● SUPPLIED DATA
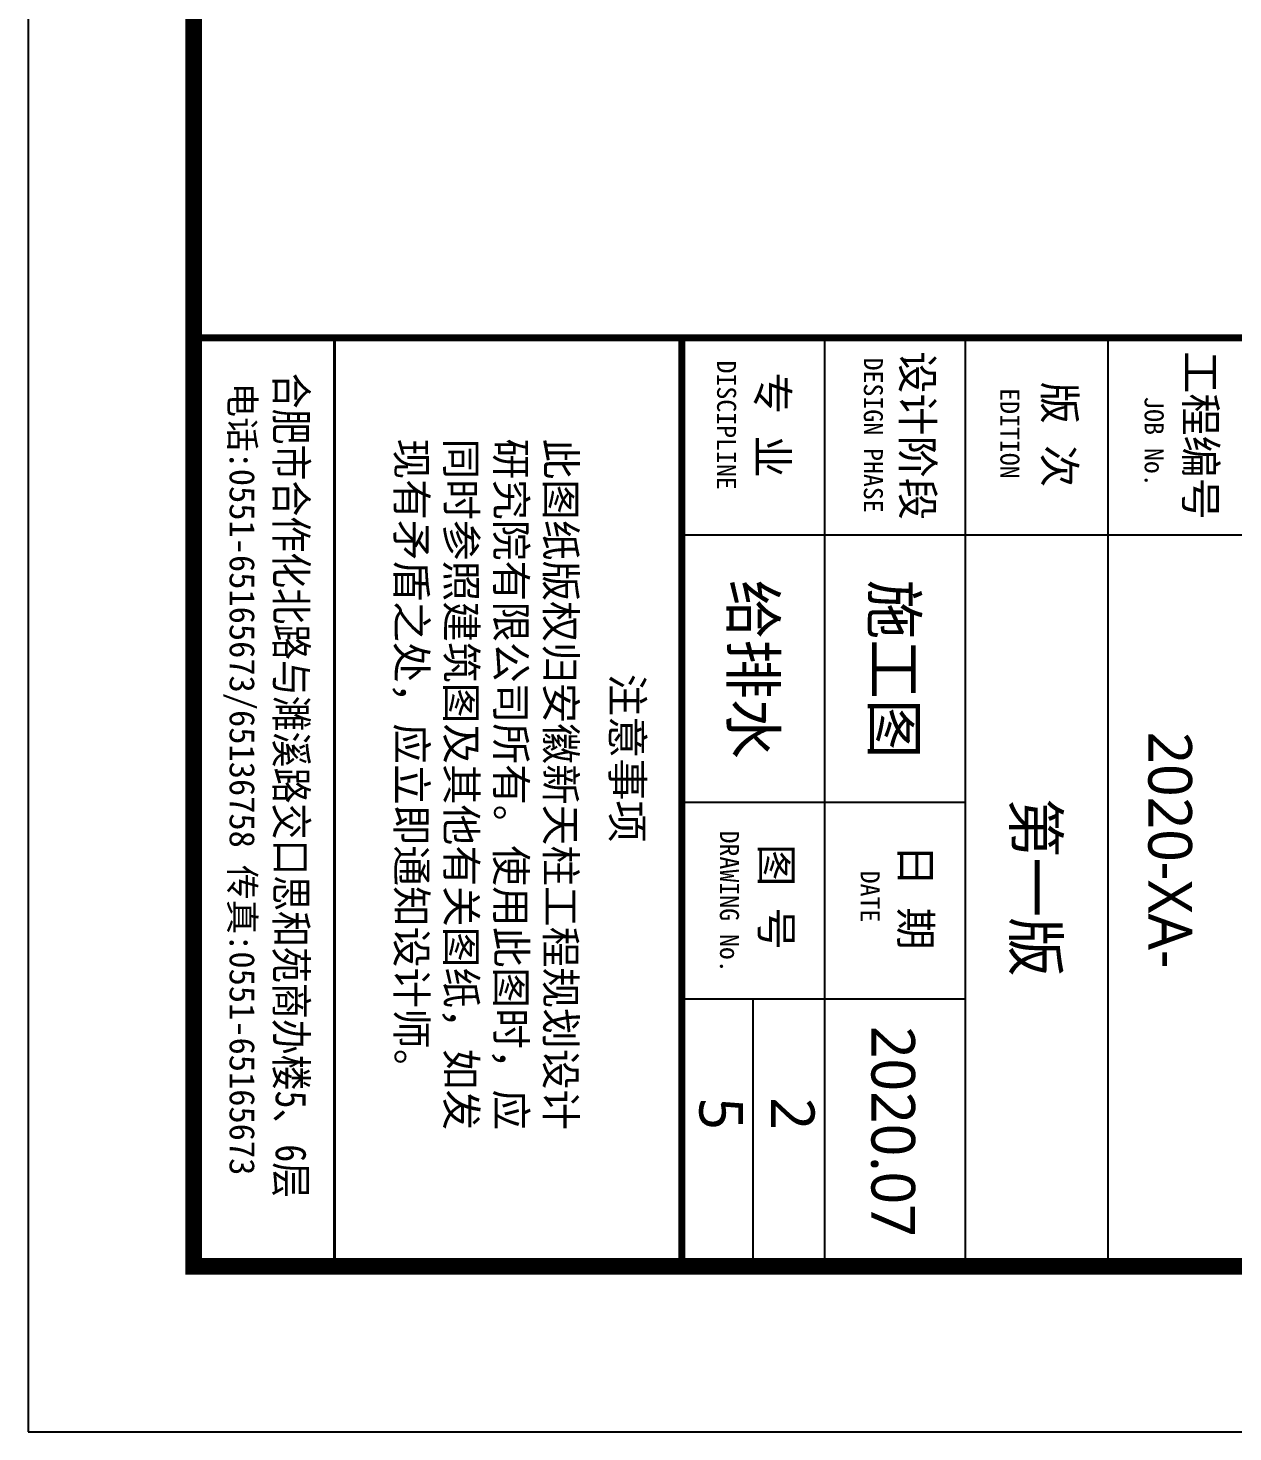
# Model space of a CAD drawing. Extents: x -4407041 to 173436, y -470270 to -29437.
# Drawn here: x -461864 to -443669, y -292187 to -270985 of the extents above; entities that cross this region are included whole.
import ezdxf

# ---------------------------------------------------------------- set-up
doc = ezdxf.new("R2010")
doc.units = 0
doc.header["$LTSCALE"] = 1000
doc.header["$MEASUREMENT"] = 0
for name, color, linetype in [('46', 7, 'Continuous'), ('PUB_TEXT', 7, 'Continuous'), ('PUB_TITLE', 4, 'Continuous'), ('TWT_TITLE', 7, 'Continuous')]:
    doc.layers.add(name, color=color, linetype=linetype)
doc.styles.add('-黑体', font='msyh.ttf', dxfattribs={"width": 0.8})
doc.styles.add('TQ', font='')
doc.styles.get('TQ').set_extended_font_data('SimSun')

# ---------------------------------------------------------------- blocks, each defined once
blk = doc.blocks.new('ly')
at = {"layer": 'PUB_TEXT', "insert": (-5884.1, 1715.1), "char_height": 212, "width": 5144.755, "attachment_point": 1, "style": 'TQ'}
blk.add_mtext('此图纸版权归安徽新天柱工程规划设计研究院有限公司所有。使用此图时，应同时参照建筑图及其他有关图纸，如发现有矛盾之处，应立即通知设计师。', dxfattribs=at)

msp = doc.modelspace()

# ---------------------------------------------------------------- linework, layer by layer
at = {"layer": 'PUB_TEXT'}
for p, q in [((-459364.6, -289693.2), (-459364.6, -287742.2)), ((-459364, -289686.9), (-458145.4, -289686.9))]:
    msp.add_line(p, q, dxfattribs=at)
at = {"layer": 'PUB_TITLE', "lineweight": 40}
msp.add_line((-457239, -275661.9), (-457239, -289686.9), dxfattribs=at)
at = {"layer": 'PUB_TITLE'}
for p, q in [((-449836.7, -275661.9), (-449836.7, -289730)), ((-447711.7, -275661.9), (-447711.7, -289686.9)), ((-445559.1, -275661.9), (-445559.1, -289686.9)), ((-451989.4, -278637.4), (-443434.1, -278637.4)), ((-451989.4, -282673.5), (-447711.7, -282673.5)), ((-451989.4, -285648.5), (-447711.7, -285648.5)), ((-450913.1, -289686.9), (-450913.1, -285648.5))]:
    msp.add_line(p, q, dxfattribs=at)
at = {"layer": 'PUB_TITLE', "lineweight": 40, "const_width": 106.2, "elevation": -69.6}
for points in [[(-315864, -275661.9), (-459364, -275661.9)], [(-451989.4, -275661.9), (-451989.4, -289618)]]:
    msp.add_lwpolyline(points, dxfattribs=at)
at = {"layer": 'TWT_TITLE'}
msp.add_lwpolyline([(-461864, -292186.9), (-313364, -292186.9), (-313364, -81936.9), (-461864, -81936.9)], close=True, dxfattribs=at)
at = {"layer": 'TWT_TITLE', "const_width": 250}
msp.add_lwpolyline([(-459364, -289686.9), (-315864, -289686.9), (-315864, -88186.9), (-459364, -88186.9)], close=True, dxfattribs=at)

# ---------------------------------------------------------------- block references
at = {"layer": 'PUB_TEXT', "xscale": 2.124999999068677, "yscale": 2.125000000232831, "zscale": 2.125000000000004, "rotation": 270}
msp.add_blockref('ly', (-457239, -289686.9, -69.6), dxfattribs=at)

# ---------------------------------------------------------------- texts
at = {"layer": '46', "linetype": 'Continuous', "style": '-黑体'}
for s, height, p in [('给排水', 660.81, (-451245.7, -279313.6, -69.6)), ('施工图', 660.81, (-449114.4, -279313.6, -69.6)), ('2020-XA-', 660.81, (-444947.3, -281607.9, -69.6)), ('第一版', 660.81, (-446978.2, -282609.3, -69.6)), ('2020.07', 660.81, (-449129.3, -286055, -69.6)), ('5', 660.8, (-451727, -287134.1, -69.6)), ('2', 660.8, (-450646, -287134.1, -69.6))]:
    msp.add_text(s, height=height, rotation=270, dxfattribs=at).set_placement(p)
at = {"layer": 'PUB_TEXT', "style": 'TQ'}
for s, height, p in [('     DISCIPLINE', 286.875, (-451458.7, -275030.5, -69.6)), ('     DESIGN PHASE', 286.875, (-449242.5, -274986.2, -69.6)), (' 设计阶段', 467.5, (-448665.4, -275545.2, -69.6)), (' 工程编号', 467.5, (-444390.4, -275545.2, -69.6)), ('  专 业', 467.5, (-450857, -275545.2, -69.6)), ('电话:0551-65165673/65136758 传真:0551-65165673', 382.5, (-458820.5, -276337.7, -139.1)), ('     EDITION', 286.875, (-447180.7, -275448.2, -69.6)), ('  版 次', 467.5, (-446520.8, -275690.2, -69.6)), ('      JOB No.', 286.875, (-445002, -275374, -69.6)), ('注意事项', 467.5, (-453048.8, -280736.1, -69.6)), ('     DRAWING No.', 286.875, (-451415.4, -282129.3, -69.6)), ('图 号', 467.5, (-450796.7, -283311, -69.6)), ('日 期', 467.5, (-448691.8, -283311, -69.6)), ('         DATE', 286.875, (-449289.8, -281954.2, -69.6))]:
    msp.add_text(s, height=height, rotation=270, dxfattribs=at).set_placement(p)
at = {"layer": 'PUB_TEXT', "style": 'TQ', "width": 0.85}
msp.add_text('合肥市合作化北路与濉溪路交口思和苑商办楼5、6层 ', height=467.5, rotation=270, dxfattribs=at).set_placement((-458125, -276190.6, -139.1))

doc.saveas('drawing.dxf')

● EXERCISE GOAL
If a line of the records above includes the word "header", count it; state the final number with no other words.

● TASK RESPONSE
2